並び立つ者のいない極限の知性は、必ず彼女を世界から孤立させる。その上、彼女にはもう、自分の足で外の世界へ出掛ける自由すらないのだ。
俺の歪んだ嫉妬が、彼女の未来からすべての光を奪ってしまった。
その罪の重さを、龐涓は死の淵でようやく完全に理解したのである。
(俺の兵法は、間違っていた。力で大地の理をねじ伏せ、他者を蹴落として得る栄光など、結局は泥の城に過ぎなかったのだ。……お前の言う通りだったよ、臏)
近づいてくる斉軍の足音が、もう数十歩の距離にまで迫っていた。
「血痕はここへ続いているぞ!」「総大将を逃すな!」という怒声が聞こえる。
「……さらばだ、我が友よ」
龐涓は、目を閉じた。
そして、己の首筋に当てた短剣を、躊躇うことなく、一息に横へと引き裂いた。
ブシュゥッ!!
頸動脈が切断され、大量の鮮血が噴水のように空高く舞い上がり、馬陵の黒い土を赤く染め上げた。
凄絶な痛みが一瞬だけ走り、すぐに意識が遠のいていく。
短剣が手から滑り落ち、チャリン、と冷たい音を立てて泥の上に転がった。
龐涓の身体が、ゆっくりと斜面に崩れ落ちる。
彼の瞳は、暗い夜空を見上げたまま、静かにその光を失っていった。
その顔には、死の恐怖も、嫉妬の苦悶も刻まれていない。
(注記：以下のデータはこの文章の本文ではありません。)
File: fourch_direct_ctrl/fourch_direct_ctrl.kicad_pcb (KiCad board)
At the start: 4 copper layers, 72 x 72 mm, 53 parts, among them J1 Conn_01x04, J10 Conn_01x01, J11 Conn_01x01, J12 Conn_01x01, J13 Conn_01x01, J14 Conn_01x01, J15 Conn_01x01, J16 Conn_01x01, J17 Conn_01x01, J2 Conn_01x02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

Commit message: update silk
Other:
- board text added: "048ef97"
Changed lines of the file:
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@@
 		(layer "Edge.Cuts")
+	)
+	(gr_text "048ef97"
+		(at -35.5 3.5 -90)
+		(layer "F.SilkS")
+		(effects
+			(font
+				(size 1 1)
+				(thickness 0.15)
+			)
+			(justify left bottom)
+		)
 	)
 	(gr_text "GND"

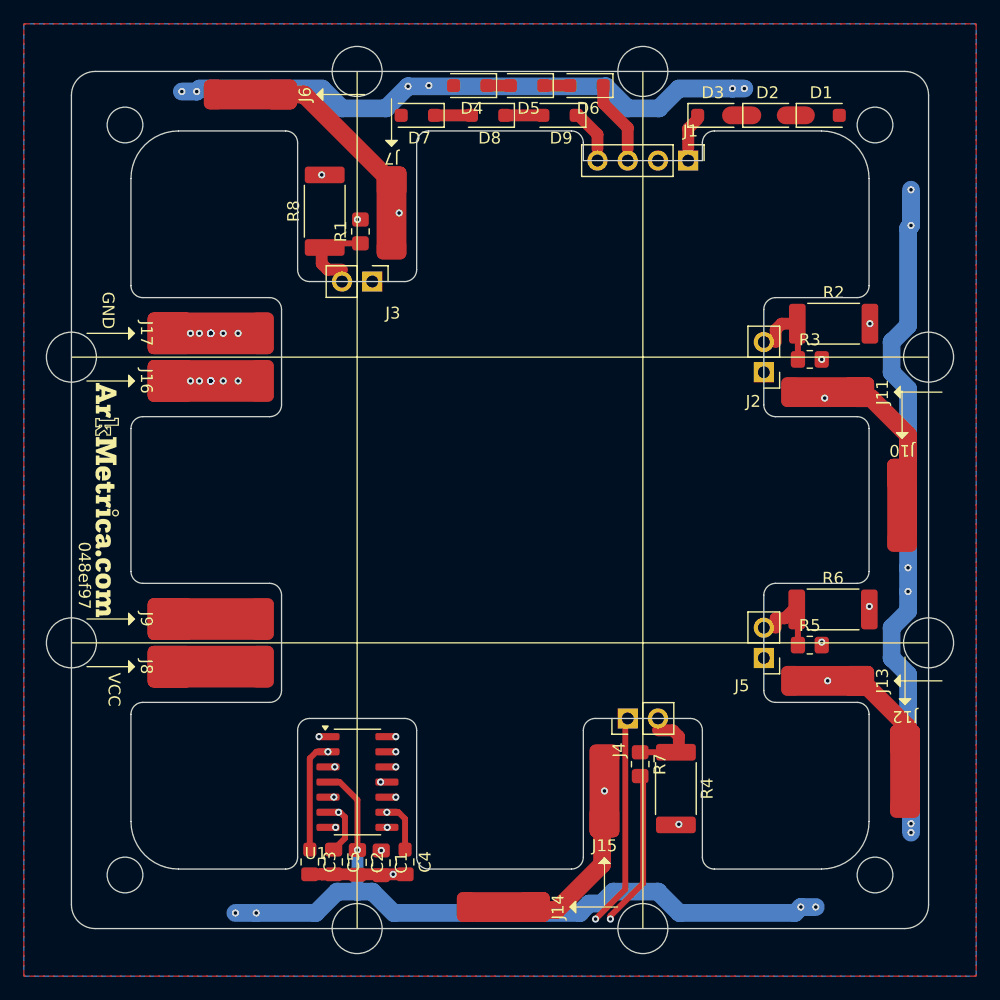
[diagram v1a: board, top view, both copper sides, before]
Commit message: rev up fourch lights, add distroboard
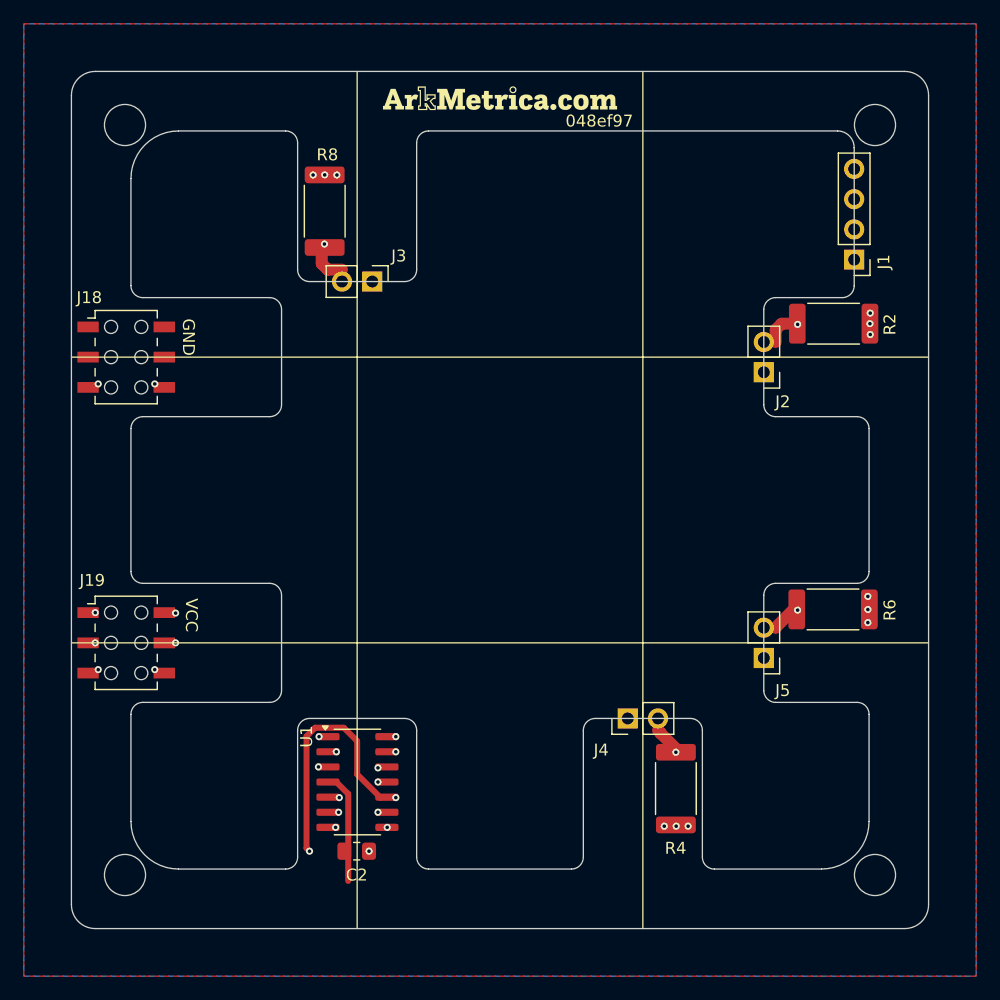
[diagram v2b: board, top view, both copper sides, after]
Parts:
- removed C1, C3, C4, C5: 1n, Capacitor_SMD:C_0805_2012Metric_Pad1.18x1.45mm_HandSolder
- removed D1, D2, D3, D4, D5, D6, D7, D8, D9: D, Diode_SMD:D_SOD-123F
- removed H10, H11, H12, H5, H6, H7, H8, H9: MountingHole, custom_footprints:MountingHole_4.2mm
- removed J10, J11, J12, J13, J14, J15, J6, J7: Conn_01x01, custom_footprints:TE_2834010-3_1x01_P3.0mm_Horizontal
- removed J16, J17, J8, J9: Conn_01x01, custom_footprints:TE_2834012-3_1x01_P4.0mm_Horizontal
- removed R1, R3, R5, R7: 2k2, Resistor_SMD:R_0805_2012Metric_Pad1.20x1.40mm_HandSolder
- added J18: Conn_02x03_Odd_Even, Connector_Wuerth:Wuerth_WR-PHD_610006243021_SMD_2x03_P2.54mm_Vertical, F.Cu at (-31.4, -12.0)
- added J19: Conn_02x03_Odd_Even, Connector_Wuerth:Wuerth_WR-PHD_610006243021_SMD_2x03_P2.54mm_Vertical, F.Cu at (-31.4, 12.0)
- H1, H2, H3, H4: footprint custom_footprints:MountingHole_3.0mm -> custom_footprints:MountingHole_3.45mm
- moved SYM1 47.2 mm to (0.00, -33.8), turned to 0 degrees
- moved J1 16.2 mm to (29.8, -20.2), turned to 180 degrees
- moved C2 0.94 mm to (-12.0, 29.5), turned to 0 degrees
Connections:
- J1 pad 1: Net-(D3-K) -> VCC
- J1 pad 3: Net-(D6-K) -> VCC
- J1 pad 4: Net-(D9-K) -> VCC
- U1 pad 13: Net-(U1D--) -> Net-(J3-Pin_2)
- U1 pad 2: Net-(U1A--) -> Net-(J2-Pin_2)
- U1 pad 6: Net-(U1B--) -> Net-(J4-Pin_2)
- U1 pad 9: Net-(U1C--) -> Net-(J5-Pin_2)
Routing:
- net VCC: track 169.5 -> 9.43 mm, vias 17 -> 0
- net Net-(U1D--): track 147.4 -> 0.00 mm, vias 3 -> 0
- net Net-(J3-Pin_2): track 6.42 -> 152.3 mm, vias 0 -> 2
- net Net-(U1A--): track 121.8 -> 0.00 mm, vias 2 -> 0
- net Net-(J2-Pin_2): track 6.08 -> 115.3 mm, vias 0 -> 2
- net Net-(J19-Pin_5): track 152.4 -> 63.6 mm
- net Net-(U1C--): track 83.7 -> 0.00 mm, vias 2 -> 0
- net Net-(J5-Pin_2): track 6.01 -> 84.9 mm, vias 0 -> 2
- net Net-(U1B--): track 47.2 -> 0.00 mm, vias 2 -> 0
- net Net-(J4-Pin_2): track 6.27 -> 46.0 mm, vias 0 -> 2
- net Net-(J18-Pin_6): track 115.3 -> 82.2 mm
- net Net-(J18-Pin_5): track 78.4 -> 96.4 mm, vias 2 -> 3
- net GND: track 9.00 -> 0.00 mm, vias 25 -> 18
- net Net-(J19-Pin_6): track 48.6 -> 55.2 mm
- net Net-(D6-K): track 6.15 -> 0.00 mm
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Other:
- outline, holes or cut-outs redrawn

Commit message: update silk
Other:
- board text added: "3523217"
- board text removed: "048ef97"
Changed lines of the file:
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@@
 		(layer "Edge.Cuts")
 	)
-	(gr_text "048ef97"
+	(gr_text "3523217"
 		(at 5.5 -31.25 0)
 		(layer "F.SilkS")

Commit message: minor touchups
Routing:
- net Net-(J3-Pin_2): track 152.3 -> 148.9 mm
- net Net-(J2-Pin_2): track 115.3 -> 112.2 mm
- net Net-(J5-Pin_2): track 84.9 -> 82.2 mm
- net Net-(J4-Pin_2): track 46.0 -> 43.4 mm
- net Net-(J18-Pin_5): track 96.4 -> 95.1 mm, vias 3 -> 2
- added copper zone on F.Cu, net Net-(J2-Pin_2)
- added copper zone on F.Cu, net Net-(J3-Pin_2)
- added copper zone on F.Cu, net Net-(J4-Pin_2)
- added copper zone on F.Cu, net Net-(J5-Pin_2)

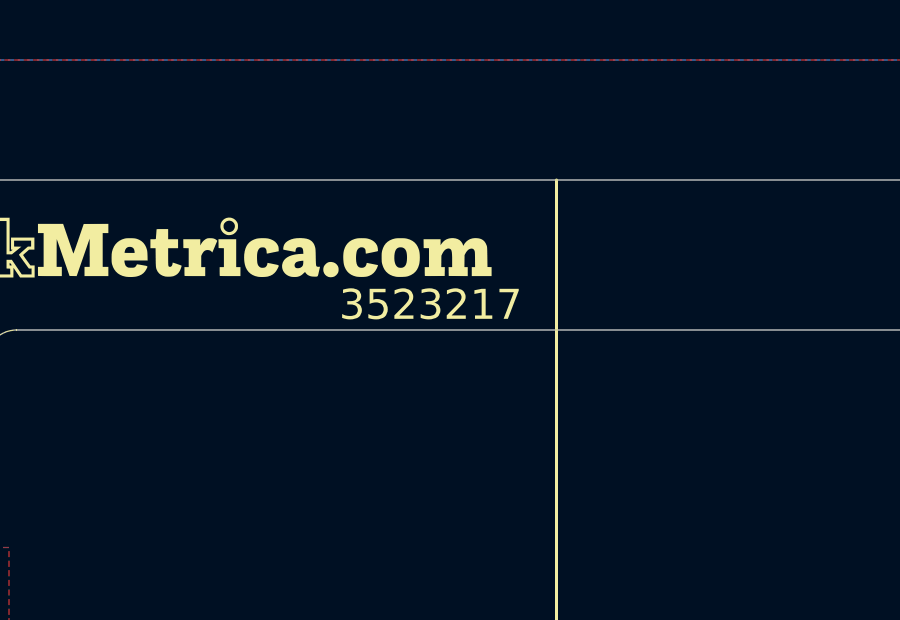
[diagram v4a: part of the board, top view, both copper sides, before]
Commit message: fillet corners
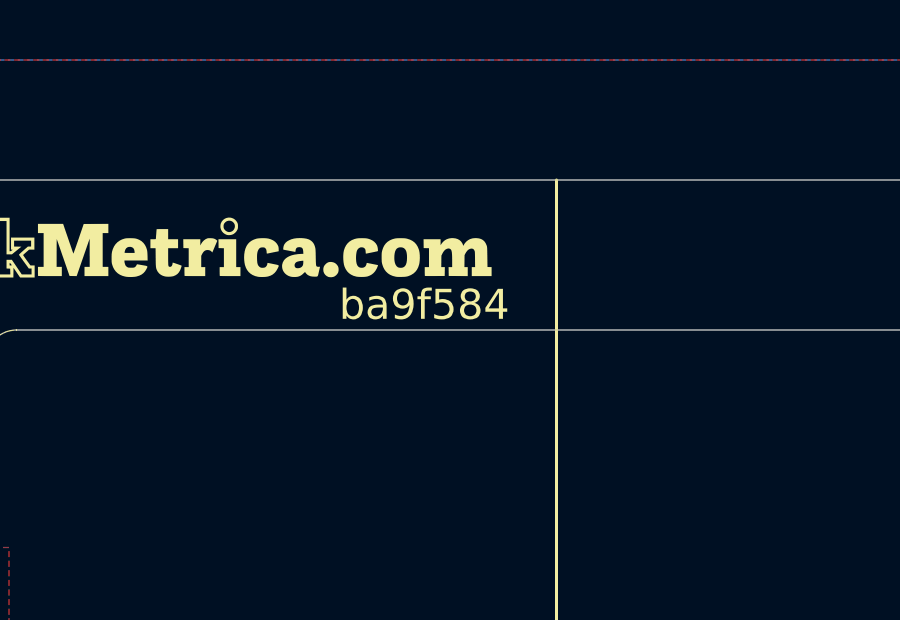
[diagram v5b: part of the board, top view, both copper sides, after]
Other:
- board text added: "ba9f584"
- board text removed: "3523217"
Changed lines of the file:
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@@
 		(layer "Edge.Cuts")
 	)
-	(gr_text "3523217"
+	(gr_text "ba9f584"
 		(at 4.75 -31.25 0)
 		(layer "F.SilkS")

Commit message: update silk
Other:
- board text added: "ab0086a"
- board text removed: "ba9f584"
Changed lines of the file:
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@@
 		(layer "Edge.Cuts")
 	)
-	(gr_text "ba9f584"
+	(gr_text "ab0086a"
 		(at 4.75 -31.25 0)
 		(layer "F.SilkS")

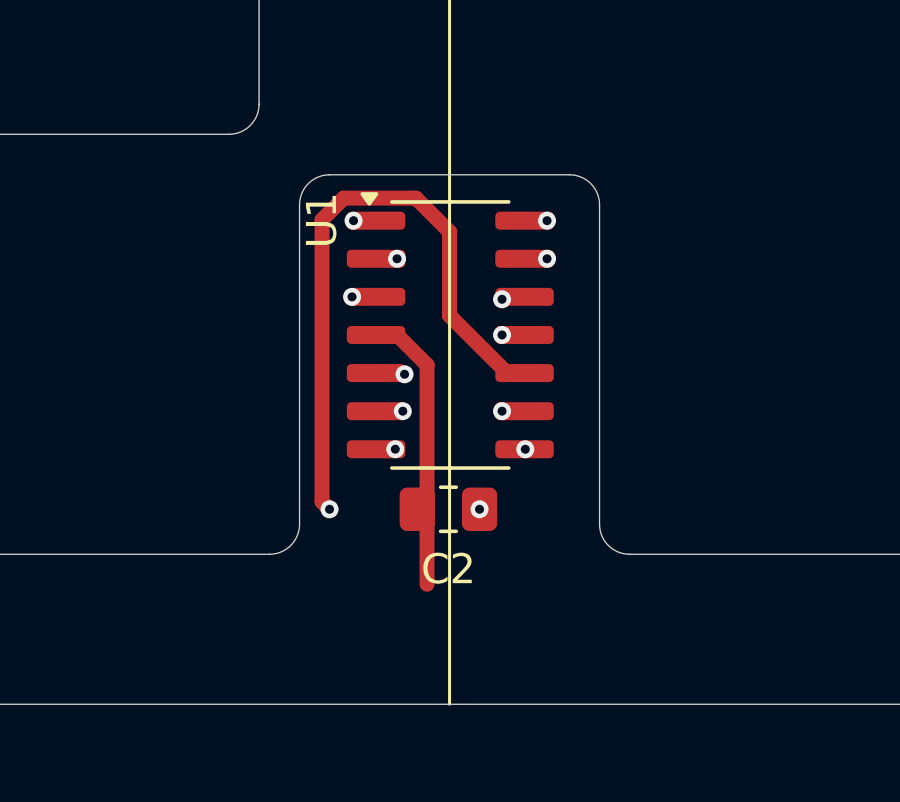
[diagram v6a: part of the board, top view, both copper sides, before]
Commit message: switch opamps to dual flavors, build in on-board TEC current control
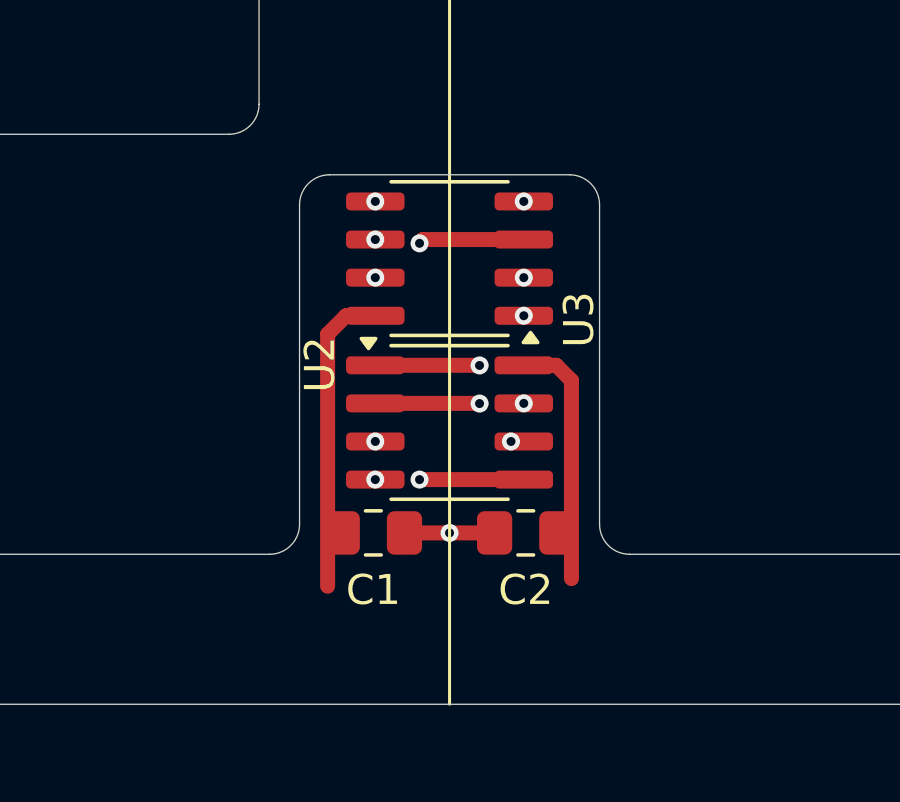
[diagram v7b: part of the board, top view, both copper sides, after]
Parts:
- removed U1: OPA4196xD, Package_SO:SOIC-14_3.9x8.7mm_P1.27mm
- added C1: 100n, Capacitor_SMD:C_0805_2012Metric_Pad1.18x1.45mm_HandSolder, F.Cu at (-14.5, 30.3)
- added U2: OPA2994xD, Package_SO:SOIC-8_3.9x4.9mm_P1.27mm, F.Cu at (-12.0, 26.6)
- added U3: OPA2994xD, Package_SO:SOIC-8_3.9x4.9mm_P1.27mm, F.Cu at (-12.0, 21.1)
- moved C2 2.70 mm to (-9.46, 30.3), turned to 180 degrees
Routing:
- net Net-(J18-Pin_5): track 95.1 -> 80.7 mm
- net Net-(J4-Pin_1): track 50.4 -> 38.8 mm
- net VCC: track 9.43 -> 18.6 mm
- net Net-(J3-Pin_2): track 148.9 -> 140.0 mm
- net Net-(J19-Pin_6): track 55.2 -> 63.8 mm
- net Net-(J18-Pin_6): track 82.2 -> 76.0 mm
- net Net-(J3-Pin_1): track 146.1 -> 142.1 mm
- net Net-(J2-Pin_1): track 112.2 -> 108.8 mm
- net GND: track 0.00 -> 3.00 mm, vias 18 -> 19
- net Net-(J5-Pin_1): track 76.7 -> 78.3 mm
- net Net-(J19-Pin_5): track 63.6 -> 62.4 mm
- net Net-(J5-Pin_2): track 82.2 -> 81.3 mm
- net Net-(J2-Pin_2): track 112.2 -> 111.4 mm

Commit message: update silk
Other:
- board text added: "ee118a9"
- board text removed: "ab0086a"
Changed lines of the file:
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@@
 		(layer "Edge.Cuts")
 	)
-	(gr_text "ab0086a"
+	(gr_text "ee118a9"
 		(at 4.75 -31.25 0)
 		(layer "F.SilkS")

ただ、すべての重荷から解放され、どこか安堵したような、ひどく穏やかな表情だけが残されていた。
「――いたぞ!! あそこだ!!」
松明の明かりを持った斉の兵士たちが、ついにその窪地へと辿り着いた。
彼らが見たものは、泥と血に塗れ、自らの首を掻き切って絶命している、魏の大将軍の無惨な姿であった。
「……死んでいる。自刃したようだ」
兵士の一人が恐る恐る近づき、脈を確認して首を横に振った。
天下にその名を轟かせ、中原を恐怖のどん底に陥れた無敗の将軍・龐涓。
彼の泥臭く、しかし誰よりも激しく燃え上がった野心の炎は、冷たい馬陵の谷底で、誰にも看取られることなく、ただ一人で静かに消え去ったのである。
周囲の森は、彼の死を嘲笑うことも、悼むこともなく、ただ永遠の静寂を保っていた。
それは、神代から人理へと時代が移り変わる中、自らの業に食い破られた一個の人間が辿った、あまりにも小さく、儚い結末であった。
そして、この悲劇的な最期を、概念の糸を通じて『観測』していた車椅子の怪物が、これからどのような絶望の淵に立たされることになるのか。
それを知る者は、歴史の裏側に座するあの冷徹なる調律者(鬼谷子)を除いて、誰もいなかった。